Sorry, but your viewpoint is so ludicrous as to become meaningless. Microsoft's software operates 100% in the interest of Microsoft. Anything else would be silly. If you install software written by Alice, Bob and Charlie, it operates in the interest of Alice, Bob and Charlie. Now, in our world you are free to enter into a contract with Alice, Bob and Charlie, read and understand that contract, and then decide whether you can find a situation in which both you and Alice/Bob/Charlie have advantages. That's what interactions between people are all about (we do better together than individually), and in most societies, contract law is the vehicle through which we organize such mutual benefit.

If you don't like the software and contract that Microsoft offers, feel free to not use it. The sheer fact that about 90% of all computer users disagree (and there are very many very smart people among those) demonstrates that your opinion is either outright wrong, or you are in a small minority as far as your requirements are concerned.

Simply saying "Microsoft = spyware + malware" without any evidence is just foaming at the mouth.



> The new owners of Audacity have made it very clear...


Wrong. The new owners of Audacity have massively back-pedaled and explained. Please try to keep up-to-date on the news.


----------



## sidetone (Jul 30, 2021)

These following aren't for complex recording or mixing. audio/xwave is only useful for basic recording. It uses Athena, and is very primitive. There's also audio/sox which is a terminal line application for recording, playing sounds and very basic mixing. I've done basic editing with sox: trimming parts out of music and changing the speed, and changing file formats.


As for Ardour, it has more advanced capabilities than Audacity.

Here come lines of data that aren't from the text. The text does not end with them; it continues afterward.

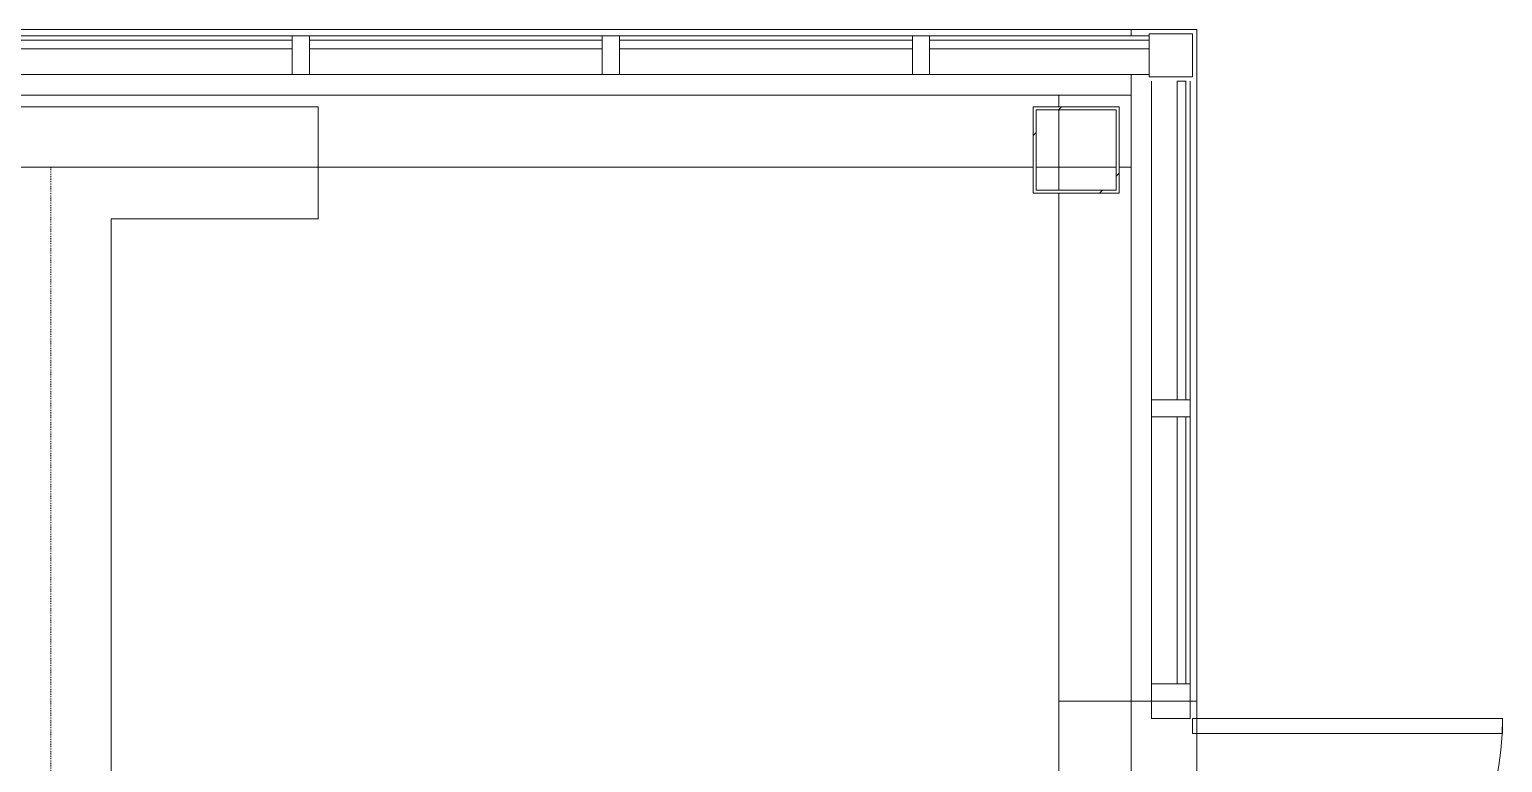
# Model space of a CAD drawing. Header units: inches. Extents: x -430 to 361, y -510 to 778.
# Drawn here: x 190 to 361, y 500.8 to 586 of the extents above; entities that cross this region are included whole.
import ezdxf

# ---------------------------------------------------------------- set-up
doc = ezdxf.new("R2010")
doc.units = ezdxf.units.IN
doc.header["$MEASUREMENT"] = 0
doc.linetypes.add('Overhead_2_', pattern=[0.15625, 0.09375, -0.0625])
doc.layers.get('0').update_dxf_attribs({"color": 8})
for name, color, linetype, lineweight in [('A-DETL', 8, 'Continuous', 9), ('A-DETL-GENF', 8, 'Continuous', 9), ('A-DOOR', 8, 'Continuous', 9), ('A-FLOR-OVHD', 8, 'Overhead_2_', 9), ('A-GLAZ-CURT', 8, 'Continuous', 9), ('A-GLAZ-CWMG', 8, 'Continuous', 9), ('A-WALL', 8, 'Continuous', 13), ('S-COLS', 8, 'Continuous', 9)]:
    doc.layers.add(name, color=color, linetype=linetype, lineweight=lineweight)

# ---------------------------------------------------------------- blocks, each defined once
blk = doc.blocks.new('HSS-Hollow Structural Section-Column - HSS10X10X3_8-762141-Test Fit - First Floor Plan')
at = {"layer": 'S-COLS'}
h = blk.add_hatch(dxfattribs=at)
h.set_pattern_fill('FP_7', color=256, style=0, pattern_type=2)
h.set_pattern_definition([(135, (571.956, -311.513), (-9.50352, -9.50352), []), (135, (557.556, -311.513), (-9.50352, -9.50352), [])])
h.paths.add_polyline_path([(5, -2), (5, 5), (-5, 5), (-5, -5), (5, -5), (5, -4.58)], flags=0)
h.paths.add_polyline_path([(4.65, -4.65), (-4.65, -4.65), (-4.65, 4.65), (4.65, 4.65), (4.65, -4.32)], flags=0)
for p, q in [((5, 5), (-5, 5)), ((-5, 5), (-5, -5)), ((-4.65, -4.65), (-4.65, 4.65)), ((-4.65, 4.65), (4.65, 4.65)), ((4.65, 4.65), (4.65, -4.65)), ((5, -5), (5, 5)), ((-5, -5), (5, -5)), ((4.65, -4.65), (-4.65, -4.65))]:
    blk.add_line(p, q, dxfattribs=at)
blk = doc.blocks.new('System Panel - Glazed-1559581-Test Fit - First Floor Plan')
at = {"layer": 'A-GLAZ-CURT'}
for p, q in [((18.5, 1.75), (-18.5, 1.75)), ((-18.5, 1.75), (-18.5, 0.75)), ((18.5, 0.75), (18.5, 1.75)), ((-18.5, 0.75), (18.5, 0.75))]:
    blk.add_line(p, q, dxfattribs=at)
blk = doc.blocks.new('Rectangular Mullion - 2_ x 4_5_ rectangular-1209595-Test Fit - First Floor Plan')
at = {"layer": 'A-GLAZ-CWMG'}
for p, q in [((320.26, 542.96), (320.26, 579.96)), ((324.76, 542.96), (324.76, 579.96))]:
    blk.add_line(p, q, dxfattribs=at)
blk = doc.blocks.new('Quad Corner Mullion - 5_ x 5_ Quad Corner-1559582-Test Fit - First Floor Plan')
at = {"layer": 'A-GLAZ-CWMG'}
for p, q in [((2.5, 2.5), (-2.5, 2.5)), ((-2.5, 2.5), (-2.5, -2.5)), ((2.5, -2.5), (2.5, 2.5)), ((-2.5, -2.5), (2.5, -2.5))]:
    blk.add_line(p, q, dxfattribs=at)
blk = doc.blocks.new('System Panel - Glazed-1559434-Test Fit - First Floor Plan')
at = {"layer": 'A-GLAZ-CURT'}
for p, q in [((17, 1.75), (-17, 1.75)), ((-17, 1.75), (-17, 0.75)), ((17, 0.75), (17, 1.75)), ((-17, 0.75), (17, 0.75))]:
    blk.add_line(p, q, dxfattribs=at)
blk = doc.blocks.new('System Panel - Glazed-1559435-Test Fit - First Floor Plan')
at = {"layer": 'A-GLAZ-CURT'}
for p, q in [((12.75, 1.75), (-12.75, 1.75)), ((-12.75, 1.75), (-12.75, 0.75)), ((12.75, 0.75), (12.75, 1.75)), ((-12.75, 0.75), (12.75, 0.75))]:
    blk.add_line(p, q, dxfattribs=at)
blk = doc.blocks.new('Rectangular Mullion - 2_ x 4_5_ rectangular-V14-Test Fit - First Floor Plan')
at = {"layer": 'A-GLAZ-CWMG'}
for p, q in [((220.51, 585.21), (187.51, 585.21)), ((220.51, 580.71), (186.51, 580.71))]:
    blk.add_line(p, q, dxfattribs=at)
blk = doc.blocks.new('Rectangular Mullion - 2_ x 4_5_ rectangular-866089-Test Fit - First Floor Plan')
at = {"layer": 'A-GLAZ-CWMG'}
for p, q in [((112.51, 585.21), (78.51, 585.21)), ((112.51, 580.71), (78.51, 580.71))]:
    blk.add_line(p, q, dxfattribs=at)
blk = doc.blocks.new('Rectangular Mullion - 2_ x 4_5_ rectangular-1186797-Test Fit - First Floor Plan')
at = {"layer": 'A-GLAZ-CWMG'}
for p, q in [((320.01, 585.21), (294.51, 585.21)), ((320.01, 580.71), (294.51, 580.71))]:
    blk.add_line(p, q, dxfattribs=at)
blk = doc.blocks.new('Rectangular Mullion - 2_ x 4_5_ rectangular-1559583-Test Fit - First Floor Plan')
at = {"layer": 'A-GLAZ-CWMG'}
for p, q in [((-2, 2.25), (0, 2.25)), ((-2, -2.25), (-2, 2.25)), ((0, 2.25), (0, -2.25)), ((0, -2.25), (-2, -2.25))]:
    blk.add_line(p, q, dxfattribs=at)
blk = doc.blocks.new('Rectangular Mullion - 2_ x 4_5_ rectangular-1559544-Test Fit - First Floor Plan')
at = {"layer": 'A-GLAZ-CWMG'}
for p, q in [((0, 2.25), (-2, 2.25)), ((-2, 2.25), (-2, -2.25)), ((0, -2.25), (0, 2.25)), ((-2, -2.25), (0, -2.25))]:
    blk.add_line(p, q, dxfattribs=at)
blk = doc.blocks.new('AA-Curtain_Wall_Door-Double-Flush - Flush Storefront Door-1559569-Test Fit - First Floor Plan')
at = {"layer": 'A-DETL-GENF'}
for p, q in [((-34.25, 38.5), (-36, 38.5)), ((-36, 38.5), (-36, 2.5)), ((-34.25, 2.5), (-34.25, 38.5)), ((36, 38.5), (34.25, 38.5)), ((34.25, 38.5), (34.25, 2.5)), ((36, 2.5), (36, 38.5)), ((-36, 2.5), (-34.25, 2.5)), ((34.25, 2.5), (36, 2.5))]:
    blk.add_line(p, q, dxfattribs=at)
at = {"layer": 'A-DOOR'}
for centre, start, end in [((-36, 2.5), 360, 90), ((36, 2.5), 90, 180)]:
    blk.add_arc(centre, 36, start, end, dxfattribs=at)
blk = doc.blocks.new('System Panel - Glazed-1559504-Test Fit - First Floor Plan')
at = {"layer": 'A-GLAZ-CURT'}
for p, q in [((15.5, 1.75), (-15.5, 1.75)), ((-15.5, 1.75), (-15.5, 0.75)), ((15.5, 0.75), (15.5, 1.75)), ((-15.5, 0.75), (15.5, 0.75))]:
    blk.add_line(p, q, dxfattribs=at)
blk = doc.blocks.new('Rectangular Mullion - 2_ x 4_5_ rectangular-1559432-Test Fit - First Floor Plan')
at = {"layer": 'A-GLAZ-CWMG'}
for p, q in [((-1, 2.25), (1, 2.25)), ((-1, -2.25), (-1, 2.25)), ((1, 2.25), (1, -2.25)), ((1, -2.25), (-1, -2.25))]:
    blk.add_line(p, q, dxfattribs=at)
blk = doc.blocks.new('Rectangular Mullion - 2_ x 4_5_ rectangular-1210827-Test Fit - First Floor Plan')
at = {"layer": 'A-GLAZ-CWMG'}
for p, q in [((320.26, 509.96), (320.26, 540.96)), ((324.76, 509.96), (324.76, 540.96))]:
    blk.add_line(p, q, dxfattribs=at)
blk = doc.blocks.new('Hecht_PAD_AA-Arch_detached_rvt-1-Test Fit - First Floor Plan')
at = {"layer": 'A-WALL'}
for p, q in [((187.51, 585.96), (317.89, 585.96)), ((317.89, 585.21), (317.89, 585.96)), ((325.51, 585.96), (317.89, 585.96)), ((317.89, 585.96), (317.89, 585.21)), ((325.51, 585.96), (325.51, 507.96)), ((317.89, 578.33), (317.89, 580.71)), ((317.89, 580.71), (317.89, 578.33)), ((317.89, 578.33), (66.61, 578.33)), ((66.61, 578.33), (317.89, 578.33)), ((309.51, 576.96), (309.51, 578.33)), ((317.89, 578.33), (309.51, 578.33)), ((317.89, 507.96), (317.89, 578.33)), ((317.89, 578.33), (317.89, 507.96)), ((309.51, 567.3), (309.51, 576.61)), ((306.51, 569.96), (145.51, 569.96)), ((316.16, 569.96), (306.86, 569.96)), ((317.89, 569.96), (316.51, 569.96)), ((309.51, 507.96), (309.51, 566.96)), ((309.51, 431.96), (309.51, 507.96)), ((309.51, 507.96), (317.89, 507.96)), ((317.89, 431.96), (317.89, 507.96)), ((317.89, 507.96), (320.26, 507.96)), ((317.89, 507.96), (317.89, 431.96)), ((324.76, 507.96), (325.51, 507.96)), ((325.51, 507.96), (325.51, 505.96)), ((325.51, 505.96), (325.51, 504.21)), ((325.51, 504.21), (325.51, 435.71))]:
    blk.add_line(p, q, dxfattribs=at)
for name, p in [('Rectangular Mullion - 2_ x 4_5_ rectangular-V14-Test Fit - First Floor Plan', (0, 0)), ('Rectangular Mullion - 2_ x 4_5_ rectangular-866089-Test Fit - First Floor Plan', (144, 0)), ('Rectangular Mullion - 2_ x 4_5_ rectangular-866089-Test Fit - First Floor Plan', (180, 0)), ('Rectangular Mullion - 2_ x 4_5_ rectangular-1186797-Test Fit - First Floor Plan', (0, 0)), ('System Panel - Glazed-1559434-Test Fit - First Floor Plan', (203.51, 582.96)), ('System Panel - Glazed-1559434-Test Fit - First Floor Plan', (239.51, 582.96)), ('System Panel - Glazed-1559434-Test Fit - First Floor Plan', (275.51, 582.96)), ('System Panel - Glazed-1559435-Test Fit - First Floor Plan', (307.26, 582.96)), ('Rectangular Mullion - 2_ x 4_5_ rectangular-1209595-Test Fit - First Floor Plan', (0, 0)), ('Rectangular Mullion - 2_ x 4_5_ rectangular-1210827-Test Fit - First Floor Plan', (0, 0))]:
    blk.add_blockref(name, p)
at = {"extrusion": (0, 0, -1)}
for name, p, rotation in [('Rectangular Mullion - 2_ x 4_5_ rectangular-1559432-Test Fit - First Floor Plan', (-221.51, 582.96), 180), ('Rectangular Mullion - 2_ x 4_5_ rectangular-1559432-Test Fit - First Floor Plan', (-257.51, 582.96), 180), ('Rectangular Mullion - 2_ x 4_5_ rectangular-1559432-Test Fit - First Floor Plan', (-293.51, 582.96), 180), ('Rectangular Mullion - 2_ x 4_5_ rectangular-1559432-Test Fit - First Floor Plan', (-322.51, 541.96), 270.0000000000001), ('Rectangular Mullion - 2_ x 4_5_ rectangular-1559583-Test Fit - First Floor Plan', (-322.51, 507.96), 270.0000000000001)]:
    blk.add_blockref(name, p, dxfattribs=dict(at, rotation=rotation))
for name, p, rotation in [('Quad Corner Mullion - 5_ x 5_ Quad Corner-1559582-Test Fit - First Floor Plan', (322.51, 582.96), 89.99999999999991), ('System Panel - Glazed-1559581-Test Fit - First Floor Plan', (322.51, 561.46), 269.9999999999999), ('HSS-Hollow Structural Section-Column - HSS10X10X3_8-762141-Test Fit - First Floor Plan', (311.51, 571.96), 270.0000000000002), ('System Panel - Glazed-1559504-Test Fit - First Floor Plan', (322.51, 525.46), 269.9999999999999), ('Rectangular Mullion - 2_ x 4_5_ rectangular-1559544-Test Fit - First Floor Plan', (322.51, 507.96), 89.99999999999991), ('AA-Curtain_Wall_Door-Double-Flush - Flush Storefront Door-1559569-Test Fit - First Floor Plan', (322.51, 469.96), 269.9999999999999)]:
    blk.add_blockref(name, p, dxfattribs=dict(rotation=rotation))

msp = doc.modelspace()

# ---------------------------------------------------------------- linework, layer by layer
at = {"layer": 'A-DETL'}
for p, q in [((185.51, 576.96), (223.51, 576.96)), ((223.51, 563.96), (223.51, 576.96)), ((199.51, 563.96), (199.51, 461.6)), ((199.51, 563.96), (223.51, 563.96))]:
    msp.add_line(p, q, dxfattribs=at)
at = {"layer": 'A-FLOR-OVHD'}
msp.add_line((192.51, 569.96), (192.51, 466.32), dxfattribs=at)

# ---------------------------------------------------------------- block references
msp.add_blockref('Hecht_PAD_AA-Arch_detached_rvt-1-Test Fit - First Floor Plan', (0, 0))

doc.saveas('drawing.dxf')

Ardour is really meant for mixing, while Audacity is mostly for podcasts and simple recordings. Some complex mixing can be made with Audacity, but Ardour is made for more complexity. Its interface may be a bit more complicated than Audacity though.


----------



## Tieks (Jul 30, 2021)

kpedersen said:
			
		

> Any software that does not operate 100% in the interests of the user is effectively malware.



At first glance, that's correct. Please note, that providing personal data to law enforcement bodies may at some point be in the interest of the user as well. For instance, when his bank account is emptied as a result of phishing. The user has personal interests, there are common interests and there are the interests of the owners of the software. Frankly, I don't see much wrong in the case of Audacity.


----------



## kpedersen (Jul 30, 2021)

ralphbsz said:


> Microsoft's software operates 100% in the interest of Microsoft.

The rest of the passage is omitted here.